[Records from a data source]
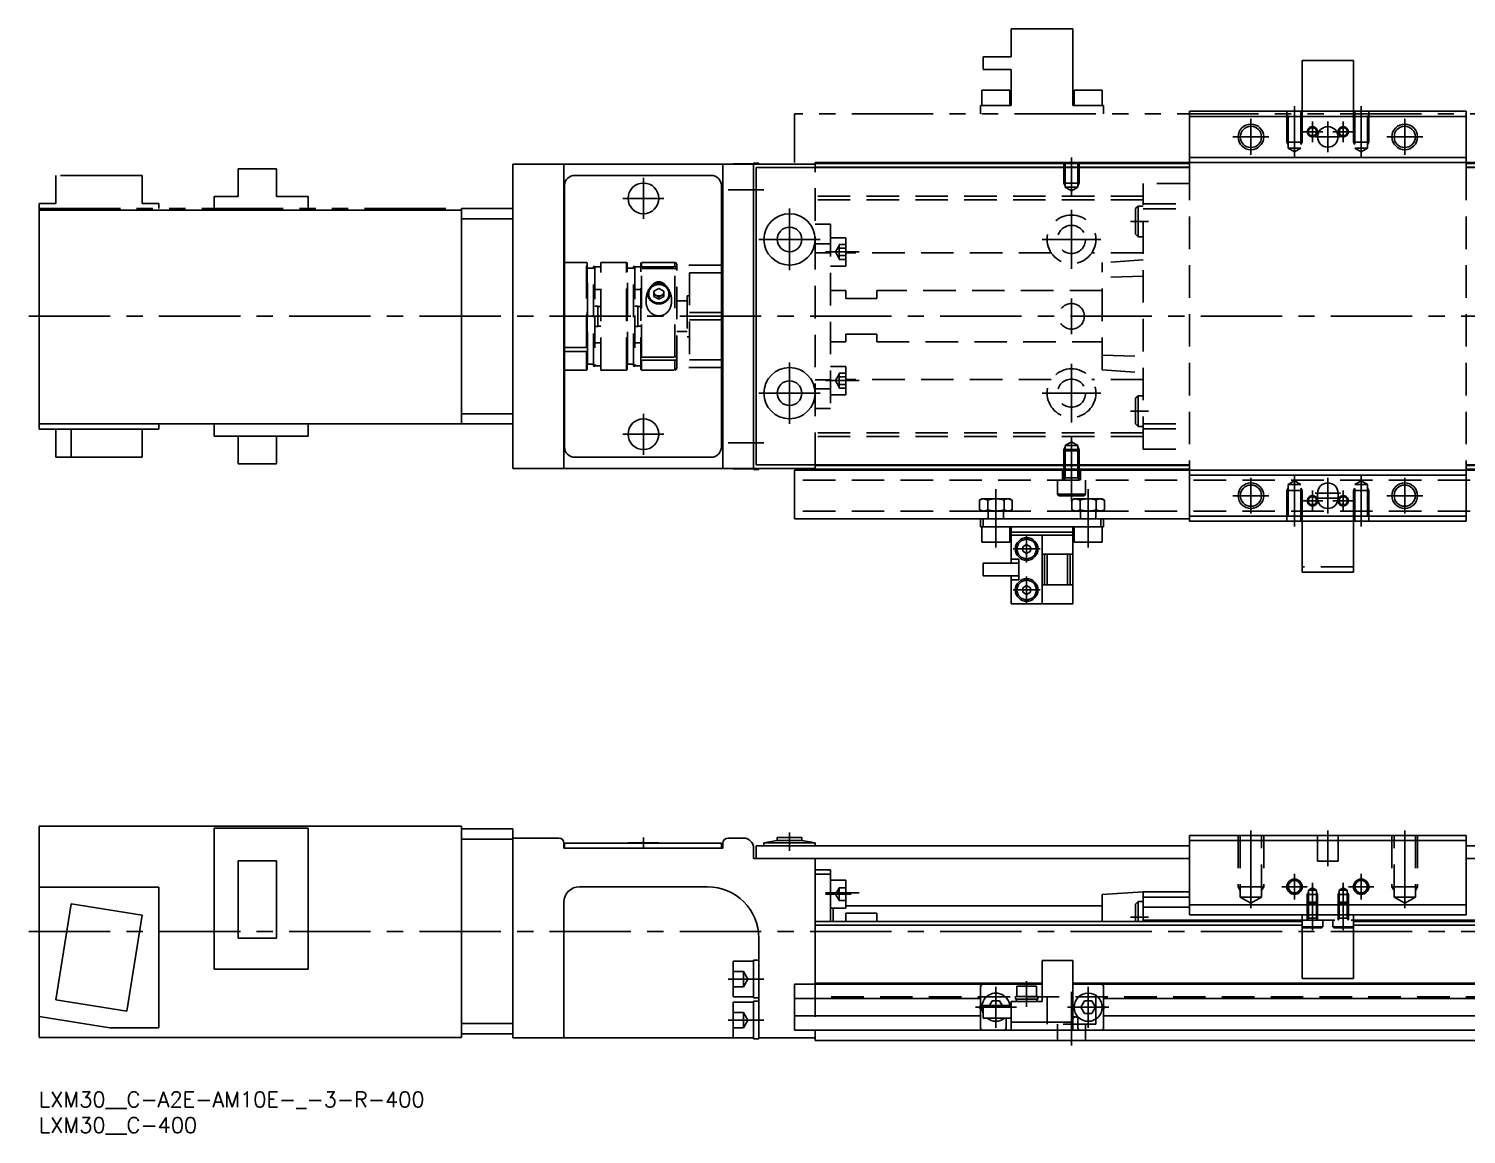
# Model space of a CAD drawing. Extents: x -2 to 654, y -8 to 207.
# Drawn here: x -2 to 278.4, y -8.3 to 207.4 of the extents above; entities that cross this region are included whole.
import ezdxf

# ---------------------------------------------------------------- set-up
doc = ezdxf.new("R2010")
doc.units = 0
doc.header["$LTSCALE"] = 0.5
for name, pattern in [('CENTER', [50.8, 31.75, -6.35, 6.35, -6.35]), ('DASHED', [19.05, 12.7, -6.35]), ('PHANTOM', [63.5, 31.75, -6.35, 6.35, -6.35, 6.35, -6.35])]:
    doc.linetypes.add(name, pattern=pattern)
for name, color, linetype in [('MSM_CENTER', 1, 'CENTER'), ('MSM_CONTINUOUS', 7, 'CONTINUOUS'), ('MSM_DASHED', 4, 'DASHED'), ('MSM_IMAGINARY', 6, 'PHANTOM'), ('MSM_NARROW', 5, 'CONTINUOUS'), ('MSM_PART_NUMBER', 7, 'CONTINUOUS')]:
    doc.layers.add(name, color=color, linetype=linetype)
doc.styles.get("Standard").update_dxf_attribs({"font": 'txt.shx', "height": 3, "bigfont": 'bigfont.shx'})

# ---------------------------------------------------------------- blocks, each defined once
blk = doc.blocks.new('*U8')
at = {"layer": 'MSM_PART_NUMBER'}
blk.add_text('LXM30__C-400', height=3, dxfattribs=at).set_placement((0, -8))
blk = doc.blocks.new('*U9')
at = {"layer": 'MSM_PART_NUMBER'}
blk.add_text('LXM30__C-A2E-AM10E-_-3-R-400', height=3, dxfattribs=at).set_placement((0, -3))

msp = doc.modelspace()

# ---------------------------------------------------------------- linework, layer by layer
at = {"layer": 'MSM_CENTER'}
for p, q in [((244.9, 182.39), (244.9, 192.3)), ((257.9, 182.39), (257.9, 192.3)), ((236.4, 189.8), (236.4, 182.8)), ((248.4, 189.3), (248.4, 185.3)), ((251.4, 183.3), (251.4, 189.3)), ((254.4, 189.3), (254.4, 185.3)), ((266.4, 189.8), (266.4, 182.8)), ((232.9, 186.3), (239.9, 186.3)), ((246.4, 187.3), (250.4, 187.3)), ((248.9, 186.3), (253.9, 186.3)), ((256.4, 187.3), (252.4, 187.3)), ((269.9, 186.3), (262.9, 186.3)), ((201.4, 182.3), (201.4, 174.79)), ((117.9, 178.3), (117.9, 170.3)), ((113.9, 174.3), (121.9, 174.3)), ((134.4, 176), (141.4, 176)), ((146.4, 160.3), (146.4, 172.3)), ((201.4, 172.05), (201.4, 160.55)), ((212.9, 169.8), (216.4, 169.8)), ((140.4, 166.3), (152.4, 166.3)), ((195.65, 166.3), (207.15, 166.3)), ((153.4, 163.86), (160, 163.86)), ((153.4, 163.85), (158.4, 163.85)), ((201.4, 147.8), (201.4, 154.8)), ((-2, 151.3), (564.4, 151.3)), ((146.4, 130.3), (146.4, 142.3)), ((201.4, 130.55), (201.4, 142.05)), ((153.4, 138.74), (160, 138.74)), ((153.4, 138.74), (158.4, 138.74)), ((140.4, 136.3), (152.4, 136.3)), ((195.65, 136.3), (207.15, 136.3)), ((117.9, 132.3), (117.9, 124.3)), ((212.9, 132.8), (216.4, 132.8)), ((113.9, 128.3), (121.9, 128.3)), ((134.4, 126.6), (141.4, 126.6)), ((201.4, 115.25), (201.4, 127.81)), ((236.4, 112.8), (236.4, 119.8)), ((244.9, 120.21), (244.9, 110.3)), ((251.4, 112.8), (251.4, 119.8)), ((257.9, 120.21), (257.9, 110.3)), ((266.4, 112.8), (266.4, 119.8)), ((186.65, 106.2), (186.65, 117.55)), ((204.65, 106.2), (204.65, 117.55)), ((232.9, 116.3), (239.9, 116.3)), ((246.4, 115.3), (250.4, 115.3)), ((248.4, 113.3), (248.4, 117.3)), ((248.9, 116.8), (253.9, 116.8)), ((248.9, 115.8), (253.9, 115.8)), ((256.4, 115.3), (252.4, 115.3)), ((254.4, 113.3), (254.4, 117.3)), ((269.9, 116.3), (262.9, 116.3)), ((192.65, 103.27), (192.65, 108.52)), ((190.02, 105.9), (195.27, 105.9)), ((192.65, 95.27), (192.65, 100.52)), ((190.02, 97.9), (195.27, 97.9)), ((146.4, 50.6), (146.4, 47)), ((236.4, 51), (236.4, 35.81)), ((251.4, 51), (251.4, 44)), ((266.4, 51), (266.4, 35.81)), ((117.9, 49.6), (117.9, 47.49)), ((244.9, 37.5), (244.9, 42.5)), ((257.9, 37.5), (257.9, 42.5)), ((242.4, 40), (247.4, 40)), ((248.4, 40.76), (248.4, 31.56)), ((254.4, 40.76), (254.4, 31.56)), ((255.4, 40), (260.4, 40)), ((153.4, 38.8), (160, 38.8)), ((153.4, 38.55), (158.4, 38.55)), ((212.9, 34.1), (216.4, 34.1)), ((-2, 31.3), (564.4, 31.3)), ((134.4, 22), (141.4, 22)), ((186.65, 20.5), (186.65, 12.5)), ((192.65, 21.6), (192.65, 16.6)), ((204.65, 20.5), (204.65, 12.5)), ((201.4, 19.5), (201.4, 9)), ((182.65, 16.5), (190.65, 16.5)), ((200.65, 16.5), (208.65, 16.5)), ((134.4, 14), (141.4, 14))]:
    msp.add_line(p, q, dxfattribs=at)
at = {"layer": 'MSM_CONTINUOUS'}
for p, q in [((224.4, 180.3), (224.4, 191.3)), ((224.4, 191.3), (278.4, 191.3)), ((278.4, 180.3), (278.4, 191.3)), ((224.4, 190.3), (278.4, 190.3)), ((224.4, 182.3), (278.4, 182.3)), ((151.4, 181), (92.4, 181)), ((92.4, 121.6), (92.4, 181)), ((102.4, 121.6), (102.4, 181)), ((133.4, 121.6), (133.4, 181)), ((135.4, 181.05), (135.4, 181)), ((139.4, 181.05), (135.4, 181.05)), ((140.4, 181.2), (139.4, 181.2)), ((139.4, 181.2), (139.4, 121.4)), ((139.9, 122.3), (139.9, 180.3)), ((224.4, 180.3), (139.9, 180.3)), ((140.4, 181.2), (140.4, 181)), ((151.4, 180.3), (151.4, 181.3)), ((551.4, 181.3), (151.4, 181.3)), ((224.4, 181.1), (151.4, 181.1)), ((224.4, 180.4), (151.4, 180.4)), ((551.4, 181.1), (278.4, 181.1)), ((551.4, 180.4), (278.4, 180.4)), ((561.9, 180.3), (278.4, 180.3)), ((102.5, 176.8), (102.5, 125.8)), ((131.1, 178.8), (104.5, 178.8)), ((133.1, 125.8), (133.1, 176.8)), ((82.4, 172), (0, 172)), ((0, 172), (0, 129.3)), ((82.4, 172.3), (82.4, 130.3)), ((92.4, 172.3), (82.4, 172.3)), ((92.4, 170.3), (82.4, 170.3)), ((102.4, 169.5), (102.5, 169.5)), ((133.1, 169.5), (133.4, 169.5)), ((102.5, 161.3), (102.4, 161.3)), ((133.4, 161.3), (133.1, 161.3)), ((133.4, 159.8), (133.1, 159.8)), ((133.4, 159.77), (133.1, 159.77)), ((133.1, 152.02), (133.4, 152.02)), ((133.4, 150.58), (133.1, 150.58)), ((102.5, 141.3), (102.4, 141.3)), ((133.4, 142.83), (133.1, 142.83)), ((133.4, 142.8), (133.1, 142.8)), ((133.4, 141.3), (133.1, 141.3)), ((92.4, 132.3), (82.4, 132.3)), ((102.5, 133.1), (102.4, 133.1)), ((133.4, 133.1), (133.1, 133.1)), ((0, 130.3), (92.4, 130.3)), ((23.4, 129.3), (0, 129.3)), ((3.3, 123.8), (3.3, 129.3)), ((6.27, 123.8), (6.27, 129.3)), ((20.1, 129.3), (20.1, 123.8)), ((23.4, 129.3), (23.4, 130.3)), ((34.2, 127.9), (34.2, 130.3)), ((52.5, 127.9), (52.5, 130.3)), ((52.5, 127.9), (34.2, 127.9)), ((38.87, 122.5), (38.87, 127.9)), ((46.32, 122.5), (46.32, 127.9)), ((20.1, 123.8), (3.3, 123.8)), ((104.5, 123.8), (131.1, 123.8)), ((38.87, 122.5), (46.32, 122.5)), ((151.4, 121.6), (92.4, 121.6)), ((135.4, 121.6), (135.4, 121.55)), ((135.4, 121.55), (139.4, 121.55)), ((139.4, 121.4), (140.4, 121.4)), ((224.4, 122.3), (139.9, 122.3)), ((140.4, 121.6), (140.4, 121.4)), ((555.4, 121.3), (147.4, 121.3)), ((147.4, 121.3), (147.4, 111.8)), ((151.4, 121.3), (151.4, 122.3)), ((224.4, 122.2), (151.4, 122.2)), ((224.4, 121.5), (151.4, 121.5)), ((224.4, 122.3), (224.4, 111.3)), ((278.4, 122.3), (278.4, 111.3)), ((561.9, 122.3), (278.4, 122.3)), ((551.4, 122.2), (278.4, 122.2)), ((551.4, 121.5), (278.4, 121.5)), ((224.4, 120.3), (278.4, 120.3)), ((249.4, 116.8), (249.4, 115.8)), ((253.4, 115.8), (253.4, 116.8)), ((224.4, 112.3), (278.4, 112.3)), ((224.4, 111.8), (147.4, 111.8)), ((183.65, 110.2), (183.65, 111.8)), ((207.65, 110.2), (183.65, 110.2)), ((183.9, 110.2), (183.9, 107.2)), ((184.15, 110.2), (184.15, 111.8)), ((189.4, 107.2), (189.4, 110.2)), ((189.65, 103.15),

[Description of the task] Repeat exactly the lines from the first line of the records above through the line containing "doc.layers.add(name, color=color, linetype=linetype)", both included. Leave out the pictures.

[Output]
# Model space of a CAD drawing. Extents: x -2 to 654, y -8 to 207.
# Drawn here: x -2 to 278.4, y -8.3 to 207.4 of the extents above; entities that cross this region are included whole.
import ezdxf

# ---------------------------------------------------------------- set-up
doc = ezdxf.new("R2010")
doc.units = 0
doc.header["$LTSCALE"] = 0.5
for name, pattern in [('CENTER', [50.8, 31.75, -6.35, 6.35, -6.35]), ('DASHED', [19.05, 12.7, -6.35]), ('PHANTOM', [63.5, 31.75, -6.35, 6.35, -6.35, 6.35, -6.35])]:
    doc.linetypes.add(name, pattern=pattern)
for name, color, linetype in [('MSM_CENTER', 1, 'CENTER'), ('MSM_CONTINUOUS', 7, 'CONTINUOUS'), ('MSM_DASHED', 4, 'DASHED'), ('MSM_IMAGINARY', 6, 'PHANTOM'), ('MSM_NARROW', 5, 'CONTINUOUS'), ('MSM_PART_NUMBER', 7, 'CONTINUOUS')]:
    doc.layers.add(name, color=color, linetype=linetype)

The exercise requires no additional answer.